**EXERCISE BRIEF**
Reproduce the listing below exactly, beginning with its first line and ending with the line that holds "#7=PRODUCT_DEFINITION_CONTEXT('part definition',#1,'design');"; pictures are not part of the copy.

**DATA**
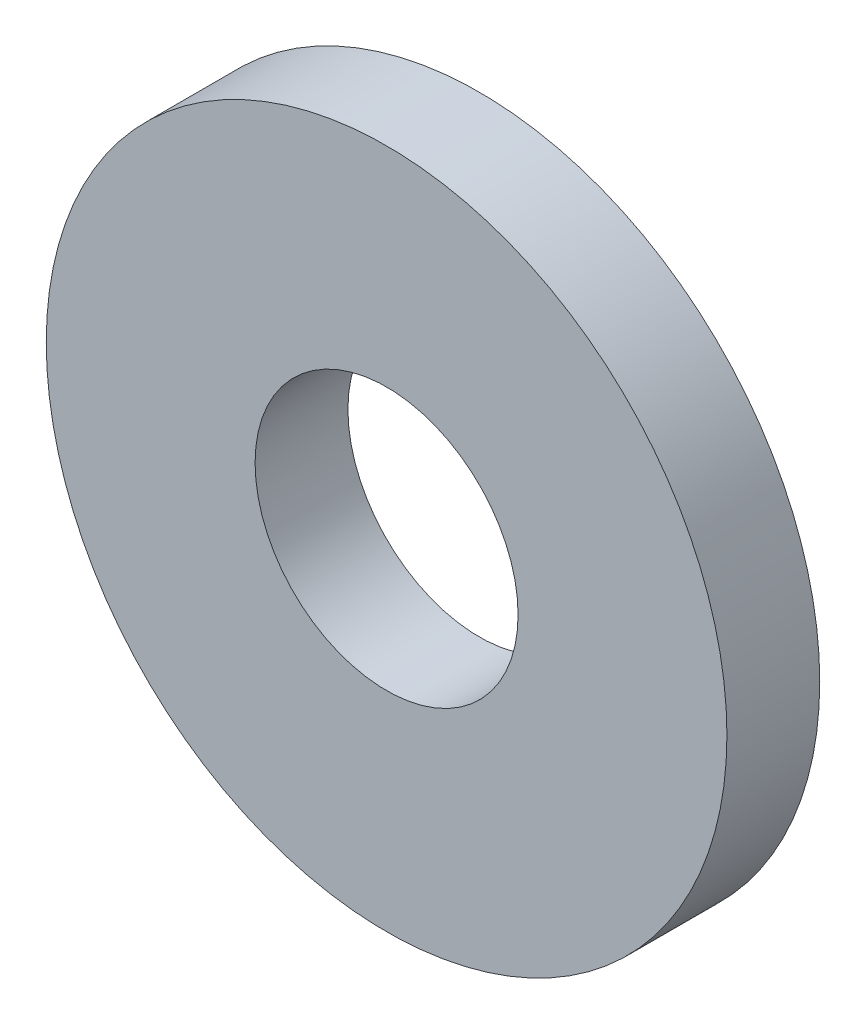
ISO-10303-21;
HEADER;
FILE_DESCRIPTION(('STEP AP214'),'2;1');
FILE_NAME('part.step','',(''),(''),'','','');
FILE_SCHEMA(('AUTOMOTIVE_DESIGN { 1 0 10303 214 1 1 1 1 }'));
ENDSEC;
DATA;
#1=APPLICATION_CONTEXT('core data for automotive mechanical design processes');
#2=APPLICATION_PROTOCOL_DEFINITION('international standard','automotive_design',2000,#1);
#3=PRODUCT_CONTEXT('',#1,'mechanical');
#4=PRODUCT('Part','Part','',(#3));
#5=PRODUCT_RELATED_PRODUCT_CATEGORY('part','',(#4));
#6=PRODUCT_DEFINITION_FORMATION('','',#4);
#7=PRODUCT_DEFINITION_CONTEXT('part definition',#1,'design');
#8=PRODUCT_DEFINITION('design','',#6,#7);
#9=PRODUCT_DEFINITION_SHAPE('','',#8);
#10=(LENGTH_UNIT() NAMED_UNIT(*) SI_UNIT(.MILLI.,.METRE.));
#11=(NAMED_UNIT(*) PLANE_ANGLE_UNIT() SI_UNIT($,.RADIAN.));
#12=(NAMED_UNIT(*) SI_UNIT($,.STERADIAN.) SOLID_ANGLE_UNIT());
#13=UNCERTAINTY_MEASURE_WITH_UNIT(LENGTH_MEASURE(1.E-05),#10,'distance_accuracy_value','');
#14=(GEOMETRIC_REPRESENTATION_CONTEXT(3) GLOBAL_UNCERTAINTY_ASSIGNED_CONTEXT((#13)) GLOBAL_UNIT_ASSIGNED_CONTEXT((#10,
#11,#12)) REPRESENTATION_CONTEXT('',''));
#15=CARTESIAN_POINT('',(0.,0.,0.));
#16=DIRECTION('',(0.,0.,1.));
#17=DIRECTION('',(1.,0.,0.));
#18=AXIS2_PLACEMENT_3D('',#15,#16,#17);
#19=CARTESIAN_POINT('',(0.,0.,-3.));
#20=DIRECTION('',(0.,0.,1.));
#21=DIRECTION('',(1.,0.,0.));
#22=AXIS2_PLACEMENT_3D('',#19,#20,#21);
#23=CYLINDRICAL_SURFACE('',#22,11.);
#24=CARTESIAN_POINT('',(0.,0.,-3.));
#25=DIRECTION('',(0.,0.,1.));
#26=DIRECTION('',(1.,0.,0.));
#27=AXIS2_PLACEMENT_3D('',#24,#25,#26);
#28=CIRCLE('',#27,11.);
#29=CARTESIAN_POINT('',(11.,0.,-3.));
#30=VERTEX_POINT('',#29);
#31=EDGE_CURVE('E10',#30,#30,#28,.T.);
#32=ORIENTED_EDGE('',*,*,#31,.T.);
#33=EDGE_LOOP('',(#32));
#34=FACE_BOUND('',#33,.T.);
#35=CARTESIAN_POINT('',(0.,0.,0.));
#36=DIRECTION('',(0.,0.,1.));
#37=DIRECTION('',(1.,0.,0.));
#38=AXIS2_PLACEMENT_3D('',#35,#36,#37);
#39=CIRCLE('',#38,11.);
#40=CARTESIAN_POINT('',(11.,0.,0.));
#41=VERTEX_POINT('',#40);
#42=EDGE_CURVE('E33',#41,#41,#39,.T.);
#43=ORIENTED_EDGE('',*,*,#42,.F.);
#44=EDGE_LOOP('',(#43));
#45=FACE_BOUND('',#44,.T.);
#46=ADVANCED_FACE('F30',(#34,#45),#23,.T.);
#47=CARTESIAN_POINT('',(0.,0.,-3.));
#48=DIRECTION('',(0.,0.,1.));
#49=DIRECTION('',(1.,0.,0.));
#50=AXIS2_PLACEMENT_3D('',#47,#48,#49);
#51=PLANE('',#50);
#52=CARTESIAN_POINT('',(0.,0.,-3.));
#53=DIRECTION('',(0.,0.,1.));
#54=DIRECTION('',(1.,0.,0.));
#55=AXIS2_PLACEMENT_3D('',#52,#53,#54);
#56=CIRCLE('',#55,4.25);
#57=CARTESIAN_POINT('',(4.25,0.,-3.));
#58=VERTEX_POINT('',#57);
#59=EDGE_CURVE('E40',#58,#58,#56,.T.);
#60=ORIENTED_EDGE('',*,*,#59,.T.);
#61=EDGE_LOOP('',(#60));
#62=FACE_BOUND('',#61,.T.);
#63=ORIENTED_EDGE('',*,*,#31,.F.);
#64=EDGE_LOOP('',(#63));
#65=FACE_BOUND('',#64,.T.);
#66=ADVANCED_FACE('F48',(#62,#65),#51,.F.);
#67=CARTESIAN_POINT('',(0.,0.,0.));
#68=DIRECTION('',(0.,0.,1.));
#69=DIRECTION('',(1.,0.,0.));
#70=AXIS2_PLACEMENT_3D('',#67,#68,#69);
#71=PLANE('',#70);
#72=CARTESIAN_POINT('',(0.,0.,0.));
#73=DIRECTION('',(0.,0.,1.));
#74=DIRECTION('',(1.,0.,0.));
#75=AXIS2_PLACEMENT_3D('',#72,#73,#74);
#76=CIRCLE('',#75,4.25);
#77=CARTESIAN_POINT('',(4.25,0.,0.));
#78=VERTEX_POINT('',#77);
#79=EDGE_CURVE('E42',#78,#78,#76,.T.);
#80=ORIENTED_EDGE('',*,*,#79,.F.);
#81=EDGE_LOOP('',(#80));
#82=FACE_BOUND('',#81,.T.);
#83=ORIENTED_EDGE('',*,*,#42,.T.);
#84=EDGE_LOOP('',(#83));
#85=FACE_BOUND('',#84,.T.);
#86=ADVANCED_FACE('F54',(#82,#85),#71,.T.);
#87=CARTESIAN_POINT('',(0.,0.,-3.));
#88=DIRECTION('',(0.,0.,1.));
#89=DIRECTION('',(1.,0.,0.));
#90=AXIS2_PLACEMENT_3D('',#87,#88,#89);
#91=CYLINDRICAL_SURFACE('',#90,4.25);
#92=ORIENTED_EDGE('',*,*,#59,.F.);
#93=EDGE_LOOP('',(#92));
#94=FACE_BOUND('',#93,.T.);
#95=ORIENTED_EDGE('',*,*,#79,.T.);
#96=EDGE_LOOP('',(#95));
#97=FACE_BOUND('',#96,.T.);
#98=ADVANCED_FACE('F51',(#94,#97),#91,.F.);
#99=CLOSED_SHELL('',(#46,#66,#86,#98));
#100=MANIFOLD_SOLID_BREP('B2',#99);
#101=ADVANCED_BREP_SHAPE_REPRESENTATION('',(#18,#100),#14);
#102=SHAPE_DEFINITION_REPRESENTATION(#9,#101);
ENDSEC;
END-ISO-10303-21;

**TASK SOLUTION**
ISO-10303-21;
HEADER;
FILE_DESCRIPTION(('STEP AP214'),'2;1');
FILE_NAME('part.step','',(''),(''),'','','');
FILE_SCHEMA(('AUTOMOTIVE_DESIGN { 1 0 10303 214 1 1 1 1 }'));
ENDSEC;
DATA;
#1=APPLICATION_CONTEXT('core data for automotive mechanical design processes');
#2=APPLICATION_PROTOCOL_DEFINITION('international standard','automotive_design',2000,#1);
#3=PRODUCT_CONTEXT('',#1,'mechanical');
#4=PRODUCT('Part','Part','',(#3));
#5=PRODUCT_RELATED_PRODUCT_CATEGORY('part','',(#4));
#6=PRODUCT_DEFINITION_FORMATION('','',#4);
#7=PRODUCT_DEFINITION_CONTEXT('part definition',#1,'design');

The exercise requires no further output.